_ASSIGNED TASK:_
Of the lines in the data below, write out exactly those from the one holding "#322=CARTESIAN_POINT('',(-5.25,-35.,0.));" through the one holding "#335=EDGE_CURVE('E245',#334,#334,#332,.T.);", both included.
[Start of section]
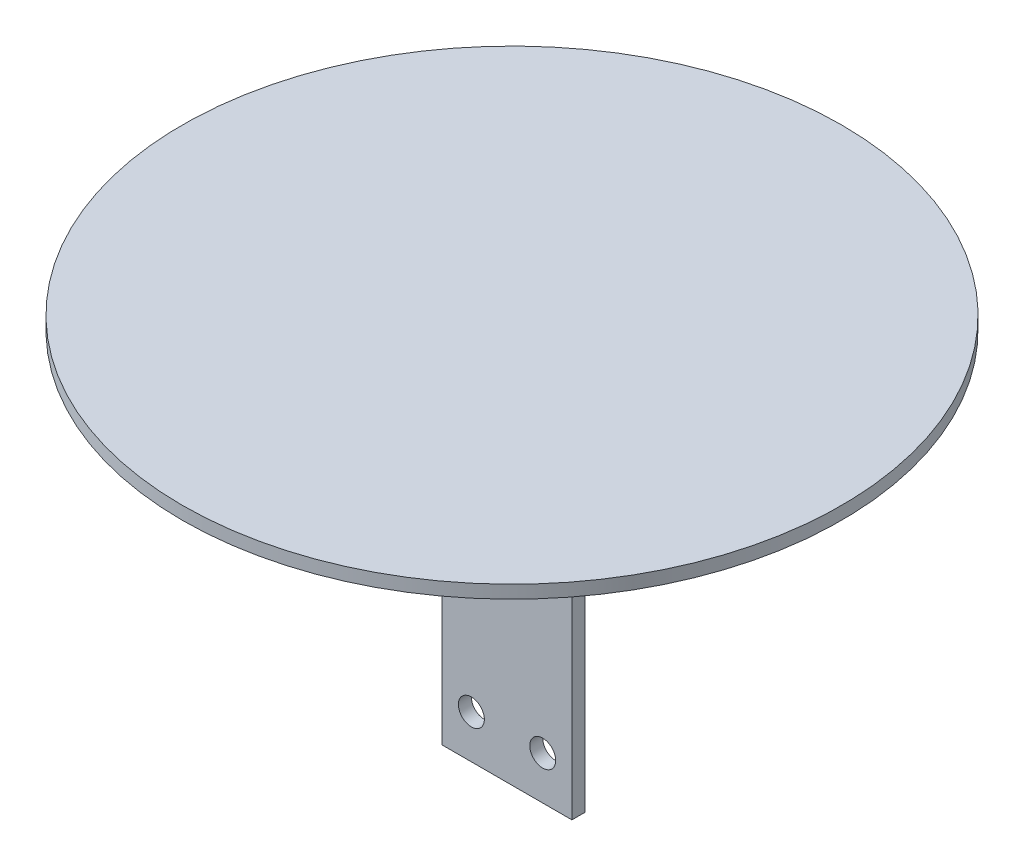
ISO-10303-21;
HEADER;
FILE_DESCRIPTION(('STEP AP214'),'2;1');
FILE_NAME('part.step','',(''),(''),'','','');
FILE_SCHEMA(('AUTOMOTIVE_DESIGN { 1 0 10303 214 1 1 1 1 }'));
ENDSEC;
DATA;
#1=APPLICATION_CONTEXT('core data for automotive mechanical design processes');
#2=APPLICATION_PROTOCOL_DEFINITION('international standard','automotive_design',2000,#1);
#3=PRODUCT_CONTEXT('',#1,'mechanical');
#4=PRODUCT('Part','Part','',(#3));
#5=PRODUCT_RELATED_PRODUCT_CATEGORY('part','',(#4));
#6=PRODUCT_DEFINITION_FORMATION('','',#4);
#7=PRODUCT_DEFINITION_CONTEXT('part definition',#1,'design');
#8=PRODUCT_DEFINITION('design','',#6,#7);
#9=PRODUCT_DEFINITION_SHAPE('','',#8);
#10=(LENGTH_UNIT() NAMED_UNIT(*) SI_UNIT(.MILLI.,.METRE.));
#11=(NAMED_UNIT(*) PLANE_ANGLE_UNIT() SI_UNIT($,.RADIAN.));
#12=(NAMED_UNIT(*) SI_UNIT($,.STERADIAN.) SOLID_ANGLE_UNIT());
#13=UNCERTAINTY_MEASURE_WITH_UNIT(LENGTH_MEASURE(1.E-05),#10,'distance_accuracy_value','');
#14=(GEOMETRIC_REPRESENTATION_CONTEXT(3) GLOBAL_UNCERTAINTY_ASSIGNED_CONTEXT((#13)) GLOBAL_UNIT_ASSIGNED_CONTEXT((#10,
#11,#12)) REPRESENTATION_CONTEXT('',''));
#15=CARTESIAN_POINT('',(0.,0.,0.));
#16=DIRECTION('',(0.,0.,1.));
#17=DIRECTION('',(1.,0.,0.));
#18=AXIS2_PLACEMENT_3D('',#15,#16,#17);
#19=CARTESIAN_POINT('',(0.,45.,1.85531865424868));
#20=DIRECTION('',(0.,1.,0.));
#21=DIRECTION('',(0.,0.,1.));
#22=AXIS2_PLACEMENT_3D('',#19,#20,#21);
#23=PLANE('',#22);
#24=CARTESIAN_POINT('',(0.,45.,1.85531865424868));
#25=DIRECTION('',(0.,1.,0.));
#26=DIRECTION('',(0.,0.,1.));
#27=AXIS2_PLACEMENT_3D('',#24,#25,#26);
#28=CIRCLE('',#27,76.2);
#29=CARTESIAN_POINT('',(0.,45.,78.0553186542487));
#30=VERTEX_POINT('',#29);
#31=EDGE_CURVE('E241',#30,#30,#28,.T.);
#32=ORIENTED_EDGE('',*,*,#31,.F.);
#33=EDGE_LOOP('',(#32));
#34=FACE_BOUND('',#33,.T.);
#35=DIRECTION('',(0.,0.,-1.));
#36=VECTOR('',#35,1.);
#37=CARTESIAN_POINT('',(-15.,45.,3.));
#38=LINE('',#37,#36);
#39=CARTESIAN_POINT('',(-15.,45.,21.5));
#40=VERTEX_POINT('',#39);
#41=CARTESIAN_POINT('',(-15.,45.,-18.5));
#42=VERTEX_POINT('',#41);
#43=EDGE_CURVE('E53',#40,#42,#38,.T.);
#44=ORIENTED_EDGE('',*,*,#43,.F.);
#45=DIRECTION('',(-1.,0.,0.));
#46=VECTOR('',#45,1.);
#47=CARTESIAN_POINT('',(-12.,45.,21.5));
#48=LINE('',#47,#46);
#49=CARTESIAN_POINT('',(-12.,45.,21.5));
#50=VERTEX_POINT('',#49);
#51=EDGE_CURVE('E188',#50,#40,#48,.T.);
#52=ORIENTED_EDGE('',*,*,#51,.F.);
#53=DIRECTION('',(0.,0.,-1.));
#54=VECTOR('',#53,1.);
#55=CARTESIAN_POINT('',(-12.,45.,-18.5));
#56=LINE('',#55,#54);
#57=CARTESIAN_POINT('',(-12.,45.,3.));
#58=VERTEX_POINT('',#57);
#59=EDGE_CURVE('E163',#50,#58,#56,.T.);
#60=ORIENTED_EDGE('',*,*,#59,.T.);
#61=DIRECTION('',(-1.,0.,0.));
#62=VECTOR('',#61,1.);
#63=CARTESIAN_POINT('',(-15.,45.,3.));
#64=LINE('',#63,#62);
#65=CARTESIAN_POINT('',(12.,45.,3.00000000000001));
#66=VERTEX_POINT('',#65);
#67=EDGE_CURVE('E274',#66,#58,#64,.T.);
#68=ORIENTED_EDGE('',*,*,#67,.F.);
#69=DIRECTION('',(0.,0.,1.));
#70=VECTOR('',#69,1.);
#71=CARTESIAN_POINT('',(12.,45.,21.5));
#72=LINE('',#71,#70);
#73=CARTESIAN_POINT('',(12.,45.,21.5));
#74=VERTEX_POINT('',#73);
#75=EDGE_CURVE('E214',#66,#74,#72,.T.);
#76=ORIENTED_EDGE('',*,*,#75,.T.);
#77=DIRECTION('',(1.,0.,0.));
#78=VECTOR('',#77,1.);
#79=CARTESIAN_POINT('',(12.,45.,21.5));
#80=LINE('',#79,#78);
#81=CARTESIAN_POINT('',(15.,45.,21.5));
#82=VERTEX_POINT('',#81);
#83=EDGE_CURVE('E221',#74,#82,#80,.T.);
#84=ORIENTED_EDGE('',*,*,#83,.T.);
#85=DIRECTION('',(0.,0.,-1.));
#86=VECTOR('',#85,1.);
#87=CARTESIAN_POINT('',(15.,45.,3.));
#88=LINE('',#87,#86);
#89=CARTESIAN_POINT('',(15.,45.,-18.5));
#90=VERTEX_POINT('',#89);
#91=EDGE_CURVE('E297',#82,#90,#88,.T.);
#92=ORIENTED_EDGE('',*,*,#91,.T.);
#93=DIRECTION('',(1.,0.,0.));
#94=VECTOR('',#93,1.);
#95=CARTESIAN_POINT('',(12.,45.,-18.5));
#96=LINE('',#95,#94);
#97=CARTESIAN_POINT('',(12.,45.,-18.5));
#98=VERTEX_POINT('',#97);
#99=EDGE_CURVE('E229',#98,#90,#96,.T.);
#100=ORIENTED_EDGE('',*,*,#99,.F.);
#101=CARTESIAN_POINT('',(12.,45.,0.));
#102=VERTEX_POINT('',#101);
#103=EDGE_CURVE('E211',#98,#102,#72,.T.);
#104=ORIENTED_EDGE('',*,*,#103,.T.);
#105=DIRECTION('',(-1.,0.,0.));
#106=VECTOR('',#105,1.);
#107=CARTESIAN_POINT('',(-15.,45.,0.));
#108=LINE('',#107,#106);
#109=CARTESIAN_POINT('',(-12.,45.,0.));
#110=VERTEX_POINT('',#109);
#111=EDGE_CURVE('E286',#102,#110,#108,.T.);
#112=ORIENTED_EDGE('',*,*,#111,.T.);
#113=CARTESIAN_POINT('',(-12.,45.,-18.5));
#114=VERTEX_POINT('',#113);
#115=EDGE_CURVE('E61',#110,#114,#56,.T.);
#116=ORIENTED_EDGE('',*,*,#115,.T.);
#117=DIRECTION('',(-1.,0.,0.));
#118=VECTOR('',#117,1.);
#119=CARTESIAN_POINT('',(-12.,45.,-18.5));
#120=LINE('',#119,#118);
#121=EDGE_CURVE('E175',#114,#42,#120,.T.);
#122=ORIENTED_EDGE('',*,*,#121,.T.);
#123=EDGE_LOOP('',(#44,#52,#60,#68,#76,#84,#92,#100,#104,#112,#116,#122));
#124=FACE_BOUND('',#123,.T.);
#125=ADVANCED_FACE('F39',(#34,#124),#23,.F.);
#126=CARTESIAN_POINT('',(0.,0.,3.));
#127=DIRECTION('',(0.,0.,1.));
#128=DIRECTION('',(1.,0.,0.));
#129=AXIS2_PLACEMENT_3D('',#126,#127,#128);
#130=PLANE('',#129);
#131=DIRECTION('',(1.,0.,0.));
#132=VECTOR('',#131,1.);
#133=CARTESIAN_POINT('',(0.,35.,3.));
#134=LINE('',#133,#132);
#135=CARTESIAN_POINT('',(-15.,35.,3.));
#136=VERTEX_POINT('',#135);
#137=CARTESIAN_POINT('',(-12.,35.,3.));
#138=VERTEX_POINT('',#137);
#139=EDGE_CURVE('E198',#136,#138,#134,.T.);
#140=ORIENTED_EDGE('',*,*,#139,.F.);
#141=DIRECTION('',(0.,-1.,0.));
#142=VECTOR('',#141,1.);
#143=CARTESIAN_POINT('',(-15.,45.,3.));
#144=LINE('',#143,#142);
#145=CARTESIAN_POINT('',(-15.,-45.,3.));
#146=VERTEX_POINT('',#145);
#147=EDGE_CURVE('E276',#136,#146,#144,.T.);
#148=ORIENTED_EDGE('',*,*,#147,.T.);
#149=DIRECTION('',(1.,0.,0.));
#150=VECTOR('',#149,1.);
#151=CARTESIAN_POINT('',(-15.,-45.,3.));
#152=LINE('',#151,#150);
#153=CARTESIAN_POINT('',(15.,-45.,3.));
#154=VERTEX_POINT('',#153);
#155=EDGE_CURVE('E281',#146,#154,#152,.T.);
#156=ORIENTED_EDGE('',*,*,#155,.T.);
#157=DIRECTION('',(0.,1.,0.));
#158=VECTOR('',#157,1.);
#159=CARTESIAN_POINT('',(15.,45.,3.));
#160=LINE('',#159,#158);
#161=CARTESIAN_POINT('',(15.,35.,3.));
#162=VERTEX_POINT('',#161);
#163=EDGE_CURVE('E275',#154,#162,#160,.T.);
#164=ORIENTED_EDGE('',*,*,#163,.T.);
#165=DIRECTION('',(1.,0.,0.));
#166=VECTOR('',#165,1.);
#167=CARTESIAN_POINT('',(0.,35.,3.));
#168=LINE('',#167,#166);
#169=CARTESIAN_POINT('',(12.,35.,3.));
#170=VERTEX_POINT('',#169);
#171=EDGE_CURVE('E239',#170,#162,#168,.T.);
#172=ORIENTED_EDGE('',*,*,#171,.F.);
#173=DIRECTION('',(0.,1.,0.));
#174=VECTOR('',#173,1.);
#175=CARTESIAN_POINT('',(12.,0.,3.));
#176=LINE('',#175,#174);
#177=EDGE_CURVE('E237',#170,#66,#176,.T.);
#178=ORIENTED_EDGE('',*,*,#177,.T.);
#179=ORIENTED_EDGE('',*,*,#67,.T.);
#180=DIRECTION('',(0.,-1.,0.));
#181=VECTOR('',#180,1.);
#182=CARTESIAN_POINT('',(-12.,0.,3.));
#183=LINE('',#182,#181);
#184=EDGE_CURVE('E189',#58,#138,#183,.T.);
#185=ORIENTED_EDGE('',*,*,#184,.T.);
#186=EDGE_LOOP('',(#140,#148,#156,#164,#172,#178,#179,#185));
#187=FACE_BOUND('',#186,.T.);
#188=CARTESIAN_POINT('',(-8.25000000000001,-35.,3.));
#189=DIRECTION('',(0.,0.,1.));
#190=DIRECTION('',(1.,0.,0.));
#191=AXIS2_PLACEMENT_3D('',#188,#189,#190);
#192=CIRCLE('',#191,3.);
#193=CARTESIAN_POINT('',(-5.25,-35.,3.));
#194=VERTEX_POINT('',#193);
#195=EDGE_CURVE('E255',#194,#194,#192,.T.);
#196=ORIENTED_EDGE('',*,*,#195,.F.);
#197=EDGE_LOOP('',(#196));
#198=FACE_BOUND('',#197,.T.);
#199=CARTESIAN_POINT('',(-8.25,20.,3.));
#200=DIRECTION('',(0.,0.,1.));
#201=DIRECTION('',(1.,0.,0.));
#202=AXIS2_PLACEMENT_3D('',#199,#200,#201);
#203=CIRCLE('',#202,3.);
#204=CARTESIAN_POINT('',(-5.25,20.,3.));
#205=VERTEX_POINT('',#204);
#206=EDGE_CURVE('E266',#205,#205,#203,.T.);
#207=ORIENTED_EDGE('',*,*,#206,.F.);
#208=EDGE_LOOP('',(#207));
#209=FACE_BOUND('',#208,.T.);
#210=CARTESIAN_POINT('',(8.25,20.,3.));
#211=DIRECTION('',(0.,0.,1.));
#212=DIRECTION('',(1.,0.,0.));
#213=AXIS2_PLACEMENT_3D('',#210,#211,#212);
#214=CIRCLE('',#213,3.);
#215=CARTESIAN_POINT('',(11.25,20.,3.));
#216=VERTEX_POINT('',#215);
#217=EDGE_CURVE('E257',#216,#216,#214,.T.);
#218=ORIENTED_EDGE('',*,*,#217,.F.);
#219=EDGE_LOOP('',(#218));
#220=FACE_BOUND('',#219,.T.);
#221=CARTESIAN_POINT('',(8.25,-35.,3.));
#222=DIRECTION('',(0.,0.,1.));
#223=DIRECTION('',(1.,0.,0.));
#224=AXIS2_PLACEMENT_3D('',#221,#222,#223);
#225=CIRCLE('',#224,3.);
#226=CARTESIAN_POINT('',(11.25,-35.,3.));
#227=VERTEX_POINT('',#226);
#228=EDGE_CURVE('E247',#227,#227,#225,.T.);
#229=ORIENTED_EDGE('',*,*,#228,.F.);
#230=EDGE_LOOP('',(#229));
#231=FACE_BOUND('',#230,.T.);
#232=ADVANCED_FACE('F311',(#187,#198,#209,#220,#231),#130,.T.);
#233=CARTESIAN_POINT('',(0.,0.,0.));
#234=DIRECTION('',(0.,0.,1.));
#235=DIRECTION('',(1.,0.,0.));
#236=AXIS2_PLACEMENT_3D('',#233,#234,#235);
#237=PLANE('',#236);
#238=DIRECTION('',(0.,-1.,0.));
#239=VECTOR('',#238,1.);
#240=CARTESIAN_POINT('',(-15.,45.,0.));
#241=LINE('',#240,#239);
#242=CARTESIAN_POINT('',(-15.,35.,0.));
#243=VERTEX_POINT('',#242);
#244=CARTESIAN_POINT('',(-15.,-45.,0.));
#245=VERTEX_POINT('',#244);
#246=EDGE_CURVE('E287',#243,#245,#241,.T.);
#247=ORIENTED_EDGE('',*,*,#246,.F.);
#248=DIRECTION('',(1.,0.,0.));
#249=VECTOR('',#248,1.);
#250=CARTESIAN_POINT('',(0.,35.,0.));
#251=LINE('',#250,#249);
#252=CARTESIAN_POINT('',(-12.,35.,0.));
#253=VERTEX_POINT('',#252);
#254=EDGE_CURVE('E11',#243,#253,#251,.T.);
#255=ORIENTED_EDGE('',*,*,#254,.T.);
#256=DIRECTION('',(0.,-1.,0.));
#257=VECTOR('',#256,1.);
#258=CARTESIAN_POINT('',(-12.,0.,0.));
#259=LINE('',#258,#257);
#260=EDGE_CURVE('E50',#110,#253,#259,.T.);
#261=ORIENTED_EDGE('',*,*,#260,.F.);
#262=ORIENTED_EDGE('',*,*,#111,.F.);
#263=DIRECTION('',(0.,1.,0.));
#264=VECTOR('',#263,1.);
#265=CARTESIAN_POINT('',(12.,0.,0.));
#266=LINE('',#265,#264);
#267=CARTESIAN_POINT('',(12.,35.,0.));
#268=VERTEX_POINT('',#267);
#269=EDGE_CURVE('E227',#268,#102,#266,.T.);
#270=ORIENTED_EDGE('',*,*,#269,.F.);
#271=DIRECTION('',(1.,0.,0.));
#272=VECTOR('',#271,1.);
#273=CARTESIAN_POINT('',(0.,35.,0.));
#274=LINE('',#273,#272);
#275=CARTESIAN_POINT('',(15.,35.,0.));
#276=VERTEX_POINT('',#275);
#277=EDGE_CURVE('E298',#268,#276,#274,.T.);
#278=ORIENTED_EDGE('',*,*,#277,.T.);
#279=DIRECTION('',(0.,1.,0.));
#280=VECTOR('',#279,1.);
#281=CARTESIAN_POINT('',(15.,45.,0.));
#282=LINE('',#281,#280);
#283=CARTESIAN_POINT('',(15.,-45.,0.));
#284=VERTEX_POINT('',#283);
#285=EDGE_CURVE('E267',#284,#276,#282,.T.);
#286=ORIENTED_EDGE('',*,*,#285,.F.);
#287=DIRECTION('',(1.,0.,0.));
#288=VECTOR('',#287,1.);
#289=CARTESIAN_POINT('',(-15.,-45.,0.));
#290=LINE('',#289,#288);
#291=EDGE_CURVE('E277',#245,#284,#290,.T.);
#292=ORIENTED_EDGE('',*,*,#291,.F.);
#293=EDGE_LOOP('',(#247,#255,#261,#262,#270,#278,#286,#292));
#294=FACE_BOUND('',#293,.T.);
#295=CARTESIAN_POINT('',(-8.25,20.,0.));
#296=DIRECTION('',(0.,0.,1.));
#297=DIRECTION('',(1.,0.,0.));
#298=AXIS2_PLACEMENT_3D('',#295,#296,#297);
#299=CIRCLE('',#298,3.);
#300=CARTESIAN_POINT('',(-5.25,20.,0.));
#301=VERTEX_POINT('',#300);
#302=EDGE_CURVE('E263',#301,#301,#299,.T.);
#303=ORIENTED_EDGE('',*,*,#302,.T.);
#304=EDGE_LOOP('',(#303));
#305=FACE_BOUND('',#304,.T.);
#306=CARTESIAN_POINT('',(8.25,20.,0.));
#307=DIRECTION('',(0.,0.,1.));
#308=DIRECTION('',(1.,0.,0.));
#309=AXIS2_PLACEMENT_3D('',#306,#307,#308);
#310=CIRCLE('',#309,3.);
#311=CARTESIAN_POINT('',(11.25,20.,0.));
#312=VERTEX_POINT('',#311);
#313=EDGE_CURVE('E260',#312,#312,#310,.T.);
#314=ORIENTED_EDGE('',*,*,#313,.T.);
#315=EDGE_LOOP('',(#314));
#316=FACE_BOUND('',#315,.T.);
#317=CARTESIAN_POINT('',(-8.25000000000001,-35.,0.));
#318=DIRECTION('',(0.,0.,1.));
#319=DIRECTION('',(1.,0.,0.));
#320=AXIS2_PLACEMENT_3D('',#317,#318,#319);
#321=CIRCLE('',#320,3.);
#322=CARTESIAN_POINT('',(-5.25,-35.,0.));
#323=VERTEX_POINT('',#322);
#324=EDGE_CURVE('E253',#323,#323,#321,.T.);
#325=ORIENTED_EDGE('',*,*,#324,.T.);
#326=EDGE_LOOP('',(#325));
#327=FACE_BOUND('',#326,.T.);
#328=CARTESIAN_POINT('',(8.25,-35.,0.));
#329=DIRECTION('',(0.,0.,1.));
#330=DIRECTION('',(1.,0.,0.));
#331=AXIS2_PLACEMENT_3D('',#328,#329,#330);
#332=CIRCLE('',#331,3.);
#333=CARTESIAN_POINT('',(11.25,-35.,0.));
#334=VERTEX_POINT('',#333);
#335=EDGE_CURVE('E245',#334,#334,#332,.T.);
#336=ORIENTED_EDGE('',*,*,#335,.T.);
#337=EDGE_LOOP('',(#336));
#338=FACE_BOUND('',#337,.T.);
#339=ADVANCED_FACE('F341',(#294,#305,#316,#327,#338),#237,.F.);
#340=CARTESIAN_POINT('',(15.,45.,3.));
#341=DIRECTION('',(-1.,0.,0.));
#342=DIRECTION('',(0.,-1.,0.));
#343=AXIS2_PLACEMENT_3D('',#340,#341,#342);
#344=PLANE('',#343);
#345=ORIENTED_EDGE('',*,*,#91,.F.);
#346=DIRECTION('',(0.,-1.,0.));
#347=VECTOR('',#346,1.);
#348=CARTESIAN_POINT('',(15.,45.,21.5));
#349=LINE('',#348,#347);
#350=CARTESIAN_POINT('',(15.,35.,21.5));
#351=VERTEX_POINT('',#350);
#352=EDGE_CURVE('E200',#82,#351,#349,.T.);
[End of section]
_OUTPUT BELOW:_
#322=CARTESIAN_POINT('',(-5.25,-35.,0.));
#323=VERTEX_POINT('',#322);
#324=EDGE_CURVE('E253',#323,#323,#321,.T.);
#325=ORIENTED_EDGE('',*,*,#324,.T.);
#326=EDGE_LOOP('',(#325));
#327=FACE_BOUND('',#326,.T.);
#328=CARTESIAN_POINT('',(8.25,-35.,0.));
#329=DIRECTION('',(0.,0.,1.));
#330=DIRECTION('',(1.,0.,0.));
#331=AXIS2_PLACEMENT_3D('',#328,#329,#330);
#332=CIRCLE('',#331,3.);
#333=CARTESIAN_POINT('',(11.25,-35.,0.));
#334=VERTEX_POINT('',#333);
#335=EDGE_CURVE('E245',#334,#334,#332,.T.);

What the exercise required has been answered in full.